Phoenix, AZ — The new Deep Borehole Demonstration Center officially launches today at Waste Management Symposia 2023. The Center is an independent, nonprofit, science-driven organization – funded on a multinational, public-private-partnership basis – that aims to advance the maturity of the safety case for deep borehole disposal and the technical readiness levels of the disposal concept.
The Launch Executive Director of the Center is Ted Garrish, former Assistant Secretary for International Affairs at the U.S. Department of Energy. Garrish said: “I am proud to have been asked by the international nuclear community to take a lead in responding to the clear global demand for a deep borehole demonstration facility. The International Energy Agency forecasts a need to double the world’s nuclear capacity between 2020 and 2050 if we are to achieve global net zero, yet the ‘unsolved problem’ of waste disposal continues to be a major barrier to public support for nuclear power. The steps we are announcing today represent a major advance for one of the safest and most cost-effective solutions to that problem: deep borehole disposal.”
Work at the Center kicked off in February 2023, when it worked with industry partners Deep Isolation, Amentum and NAC International to conduct a first series of tests in Cameron, Texas. The tests demonstrated the compatibility of a newly designed waste canister for Pressurized Water Reactor (PWR) spent nuclear fuel with standard lifting equipment for the oil and gas industry for use in deep borehole disposal operations.
As Garrish explained, “The tests this month were an important step in showing how we can combine standard, mature technologies from both the nuclear and the oil and gas sectors – but this is just the start of a multi-year, multi-stakeholder program plan of projects that will cumulatively deliver an end-to-end (and entirely non-radioactive) demonstration of the on-site deep borehole disposal process. I am delighted to be publishing that plan today and look forward to working with our members and stakeholders to refine and implement it.”
The Board of Directors of the Center come from Deep Isolation, Southern Company, and The National Radiation Protection Institute in Czechia, reflecting the public-private-partnership and international nature of this nonprofit initiative. Liz Muller, CEO of Deep Isolation and Chair of the Deep Borehole Demonstration Center’s Board, said at the launch,
“At last year’s Waste Management Symposium, Deep Isolation presented new research showing that eight-out-of-ten leaders across the international radwaste sector want to see more international collaboration on borehole disposal, with an end-to-end demonstration being their number one priority. Since then, we have been working with the international community to develop a practical response to that demand, and I am delighted that today we are able to announce the results: the Deep Borehole Demonstration Center.”
Initial members of the Center include organizations representing waste disposal interests in nine countries, from both the public and private sectors. This includes the ERDO Association. Formed by the waste management organizations from seven European countries, ERDO published in 2022 the results of a project that found that deep borehole disposal is a technologically feasible and potentially cost-efficient solution for high-level or long-lived intermediate level waste from Croatia, Slovenia, Denmark, The Netherlands, and Norway, and recommended that the key next steps are a full-scale demonstration of site characterization, drilling, waste emplacement and borehole sealing, combined with development of a comprehensive safety case. The Deep Borehole Demonstration Center responds to that recommendation.

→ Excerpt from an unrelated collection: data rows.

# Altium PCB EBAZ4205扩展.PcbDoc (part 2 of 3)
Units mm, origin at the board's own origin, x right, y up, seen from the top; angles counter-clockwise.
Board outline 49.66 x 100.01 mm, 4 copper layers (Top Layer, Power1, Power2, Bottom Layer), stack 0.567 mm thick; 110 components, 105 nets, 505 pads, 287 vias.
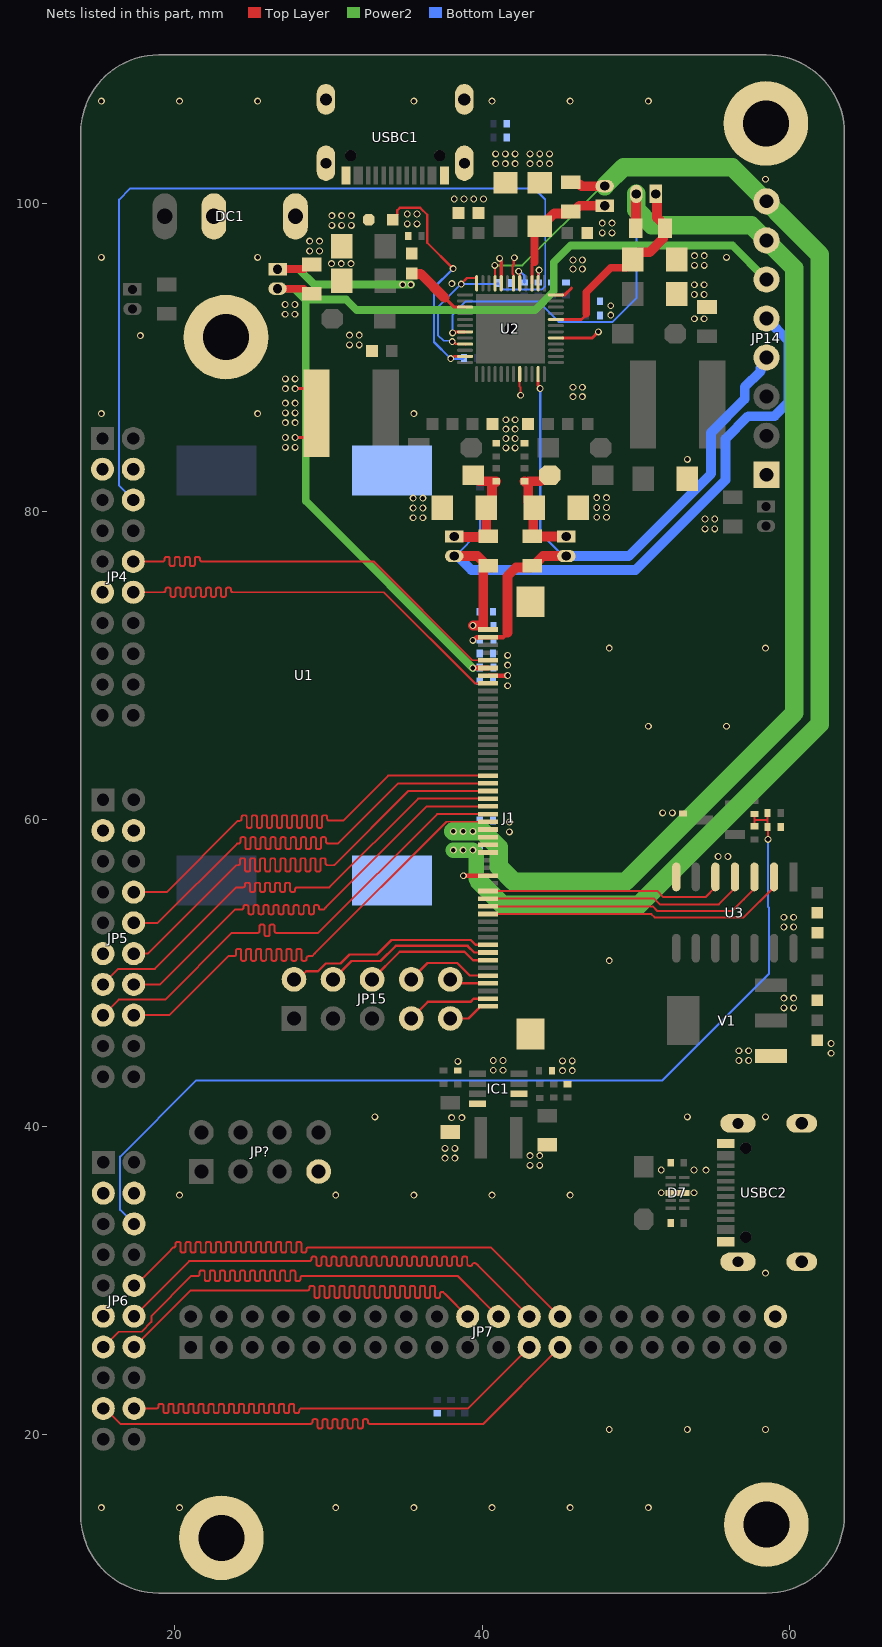
[diagram p4: the nets of this part, all layers, seen from the top]

## Via types
v1: diameter 0.45, hole 0.3, Top Layer to Bottom Layer, tented both sides, 287 vias

## Nets (pads, with @x,y where several pads share a name; then routed paths per layer and width w, separated by ;. In a path a pad name is that pad's centre, name@x,y a point inside that pad or via, vN(x,y) a via of type N, cw(c..) or ccw(c..) an arc to the next point about the centre after c; other vN are vias at no path point) (continued)
EPD_D11: J1.31 JP5.8 | length 38.3
  Top Layer w0.127: JP5.8@17.341,55.256 19.477,55.256 24.115,59.893 24.174,59.893 24.238,59.893 ccw(c24.238,60.02) 24.365,60.02 24.365,60.14 cw(c24.479,60.14) 24.479,60.254 24.577,60.254 cw(c24.577,60.14) 24.692,60.14 24.692,59.542 ccw(c24.806,59.542) 24.806,59.428 24.904,59.428 ccw(c24.904,59.542) 25.019,59.542 25.019,60.14 cw(c25.133,60.14) 25.133,60.254 25.231,60.254 cw(c25.231,60.14) 25.346,60.14 25.346,59.542 ccw(c25.46,59.542) 25.46,59.428 25.558,59.428 ccw(c25.558,59.542) 25.673,59.542 25.673,60.14 cw(c25.787,60.14) 25.787,60.254 25.885,60.254 cw(c25.885,60.14) 26,60.14 26,59.542 ccw(c26.114,59.542) 26.114,59.428 26.212,59.428 ccw(c26.212,59.542) 26.327,59.542 26.327,60.14 cw(c26.441,60.14) 26.441,60.254 26.539,60.254 cw(c26.539,60.14) 26.654,60.14 26.654,59.542 ccw(c26.768,59.542) 26.768,59.428 26.866,59.428 ccw(c26.866,59.542) 26.981,59.542 26.981,60.14 cw(c27.095,60.14) 27.095,60.254 27.193,60.254 cw(c27.193,60.14) 27.308,60.14 27.308,59.542 ccw(c27.422,59.542) 27.422,59.428 27.52,59.428 ccw(c27.52,59.542) 27.635,59.542 27.635,60.14 cw(c27.749,60.14) 27.749,60.254 27.847,60.254 cw(c27.847,60.14) 27.962,60.14 27.962,59.542 ccw(c28.076,59.542) 28.076,59.428 28.174,59.428 ccw(c28.174,59.542) 28.289,59.542 28.289,60.14 cw(c28.403,60.14) 28.403,60.254 28.501,60.254 cw(c28.501,60.14) 28.616,60.14 28.616,59.542 ccw(c28.73,59.542) 28.73,59.428 28.828,59.428 ccw(c28.828,59.542) 28.943,59.542 28.943,60.14 cw(c29.057,60.14) 29.057,60.254 29.155,60.254 cw(c29.155,60.14) 29.27,60.14 29.27,59.542 ccw(c29.384,59.542) 29.384,59.428 29.482,59.428 ccw(c29.482,59.542) 29.597,59.542 29.597,60.14 cw(c29.711,60.14) 29.711,60.254 29.809,60.254 cw(c29.809,60.14) 29.924,60.14 29.924,60.026 ccw(c30.051,60.026) 30.051,59.899 30.242,59.899 30.306,59.899 30.96,59.899 33.89,62.83 J1.31@40.392,62.83
EPD_D12: J1.30 JP5.10 | length 38.3
  Top Layer w0.127: JP5.10@17.341,53.256 18.906,53.256 24.065,58.415 24.092,58.415 24.156,58.415 ccw(c24.156,58.542) 24.283,58.542 24.283,58.715 cw(c24.397,58.715) 24.397,58.829 24.496,58.829 cw(c24.496,58.715) 24.61,58.715 24.61,58.164 ccw(c24.724,58.164) 24.724,58.05 24.823,58.05 ccw(c24.823,58.164) 24.937,58.164 24.937,58.715 cw(c25.051,58.715) 25.051,58.829 25.15,58.829 cw(c25.15,58.715) 25.264,58.715 25.264,58.164 ccw(c25.378,58.164) 25.378,58.05 25.477,58.05 ccw(c25.477,58.164) 25.591,58.164 25.591,58.715 cw(c25.705,58.715) 25.705,58.829 25.804,58.829 cw(c25.804,58.715) 25.918,58.715 25.918,58.164 ccw(c26.032,58.164) 26.032,58.05 26.131,58.05 ccw(c26.131,58.164) 26.245,58.164 26.245,58.715 cw(c26.359,58.715) 26.359,58.829 26.458,58.829 cw(c26.458,58.715) 26.572,58.715 26.572,58.164 ccw(c26.686,58.164) 26.686,58.05 26.785,58.05 ccw(c26.785,58.164) 26.899,58.164 26.899,58.715 cw(c27.013,58.715) 27.013,58.829 27.112,58.829 cw(c27.112,58.715) 27.226,58.715 27.226,58.164 ccw(c27.34,58.164) 27.34,58.05 27.439,58.05 ccw(c27.439,58.164) 27.553,58.164 27.553,58.715 cw(c27.667,58.715) 27.667,58.829 27.766,58.829 cw(c27.766,58.715) 27.88,58.715 27.88,58.164 ccw(c27.994,58.164) 27.994,58.05 28.093,58.05 ccw(c28.093,58.164) 28.207,58.164 28.207,58.715 cw(c28.321,58.715) 28.321,58.829 28.42,58.829 cw(c28.42,58.715) 28.534,58.715 28.534,58.164 ccw(c28.648,58.164) 28.648,58.05 28.747,58.05 ccw(c28.747,58.164) 28.861,58.164 28.861,58.715 cw(c28.975,58.715) 28.975,58.829 29.074,58.829 cw(c29.074,58.715) 29.188,58.715 29.188,58.164 ccw(c29.302,58.164) 29.302,58.05 29.401,58.05 ccw(c29.401,58.164) 29.515,58.164 29.515,58.715 cw(c29.629,58.715) 29.629,58.829 29.728,58.829 cw(c29.728,58.715) 29.842,58.715 29.842,58.542 ccw(c29.969,58.542) 29.969,58.415 30.286,58.415 30.613,58.415 34.527,62.33 J1.30@40.392,62.33
EPD_D13: J1.29 JP5.12 | length 40.4
  Top Layer w0.127: JP5.12@17.341,51.256 18.247,51.256 23.995,57.004 24.067,57.004 24.13,57.004 ccw(c24.13,57.131) 24.257,57.131 24.257,57.344 cw(c24.372,57.344) 24.372,57.458 24.47,57.458 cw(c24.47,57.344) 24.584,57.344 24.584,56.709 ccw(c24.699,56.709) 24.699,56.594 24.797,56.594 ccw(c24.797,56.709) 24.911,56.709 24.911,57.344 cw(c25.026,57.344) 25.026,57.458 25.124,57.458 cw(c25.124,57.344) 25.238,57.344 25.238,56.709 ccw(c25.353,56.709) 25.353,56.594 25.451,56.594 ccw(c25.451,56.709) 25.565,56.709 25.565,57.344 cw(c25.68,57.344) 25.68,57.458 25.778,57.458 cw(c25.778,57.344) 25.892,57.344 25.892,56.709 ccw(c26.007,56.709) 26.007,56.594 26.105,56.594 ccw(c26.105,56.709) 26.219,56.709 26.219,57.344 cw(c26.334,57.344) 26.334,57.458 26.432,57.458 cw(c26.432,57.344) 26.546,57.344 26.546,56.709 ccw(c26.661,56.709) 26.661,56.594 26.759,56.594 ccw(c26.759,56.709) 26.873,56.709 26.873,57.344 cw(c26.988,57.344) 26.988,57.458 27.086,57.458 cw(c27.086,57.344) 27.2,57.344 27.2,56.709 ccw(c27.315,56.709) 27.315,56.594 27.413,56.594 ccw(c27.413,56.709) 27.527,56.709 27.527,57.344 cw(c27.642,57.344) 27.642,57.458 27.74,57.458 cw(c27.74,57.344) 27.854,57.344 27.854,56.709 ccw(c27.969,56.709) 27.969,56.594 28.067,56.594 ccw(c28.067,56.709) 28.181,56.709 28.181,57.344 cw(c28.296,57.344) 28.296,57.458 28.394,57.458 cw(c28.394,57.344) 28.508,57.344 28.508,56.709 ccw(c28.623,56.709) 28.623,56.594 28.721,56.594 ccw(c28.721,56.709) 28.835,56.709 28.835,57.344 cw(c28.95,57.344) 28.95,57.458 29.048,57.458 cw(c29.048,57.344) 29.162,57.344 29.162,56.709 ccw(c29.277,56.709) 29.277,56.594 29.375,56.594 ccw(c29.375,56.709) 29.489,56.709 29.489,57.344 cw(c29.604,57.344) 29.604,57.458 29.702,57.458 cw(c29.702,57.344) 29.816,57.344 29.816,57.131 ccw(c29.943,57.131) 29.943,57.004 30.365,57.004 30.367,57.006 35.191,61.83 J1.29@40.392,61.83
EPD_D14: J1.28 JP5.13 | length 35
  Top Layer w0.127: JP5.13@15.341,49.256 16.345,50.26 18.719,50.26 24.025,55.566 24.381,55.566 24.445,55.566 ccw(c24.445,55.693) 24.572,55.693 24.572,55.751 cw(c24.686,55.751) 24.686,55.866 24.784,55.866 cw(c24.784,55.751) 24.899,55.751 24.899,55.38 ccw(c25.013,55.38) 25.013,55.266 25.111,55.266 ccw(c25.111,55.38) 25.226,55.38 25.226,55.751 cw(c25.34,55.751) 25.34,55.866 25.438,55.866 cw(c25.438,55.751) 25.553,55.751 25.553,55.38 ccw(c25.667,55.38) 25.667,55.266 25.765,55.266 ccw(c25.765,55.38) 25.88,55.38 25.88,55.751 cw(c25.994,55.751) 25.994,55.866 26.092,55.866 cw(c26.092,55.751) 26.207,55.751 26.207,55.38 ccw(c26.321,55.38) 26.321,55.266 26.419,55.266 ccw(c26.419,55.38) 26.534,55.38 26.534,55.751 cw(c26.648,55.751) 26.648,55.866 26.746,55.866 cw(c26.746,55.751) 26.861,55.751 26.861,55.38 ccw(c26.975,55.38) 26.975,55.266 27.073,55.266 ccw(c27.073,55.38) 27.188,55.38 27.188,55.751 cw(c27.302,55.751) 27.302,55.866 27.4,55.866 cw(c27.4,55.751) 27.515,55.751 27.515,55.38 ccw(c27.629,55.38) 27.629,55.266 27.727,55.266 ccw(c27.727,55.38) 27.842,55.38 27.842,55.439 cw(c27.969,55.439) 27.969,55.566 28.188,55.566 30.066,55.566 35.83,61.33 J1.28@40.392,61.33
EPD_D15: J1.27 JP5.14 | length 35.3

The work of the Center will be informed by an independent Advisory Committee, currently being established to ensure its work is transparent to the local community and subject to scientific peer review. The Chairman of the Advisory Committee, Professor Neil Chapman (Emeritus Professor of environmental geology, risk assessment and radioactive waste management at the University of Sheffield) said, “I look forward to working with the local community, my fellow scientists and international policymakers in the Advisory Committee to act as a ‘critical friend’ in support of the Deep Borehole Disposal Center. It is doing important work to explore and broaden our radioactive waste disposal options, and I welcome its commitment to transparency and scientific scrutiny.”
Stop by Booth 530 at the Waste Management Symposia to learn more about the Deep Borehole Demonstration Center.
About the Deep Borehole Demonstration Center
The nonprofit Deep Borehole Demonstration Center was established to provide interested entities and governments worldwide with an independent organization through which to commission projects that characterize and advance the technical readiness of deep borehole nuclear waste disposal technologies.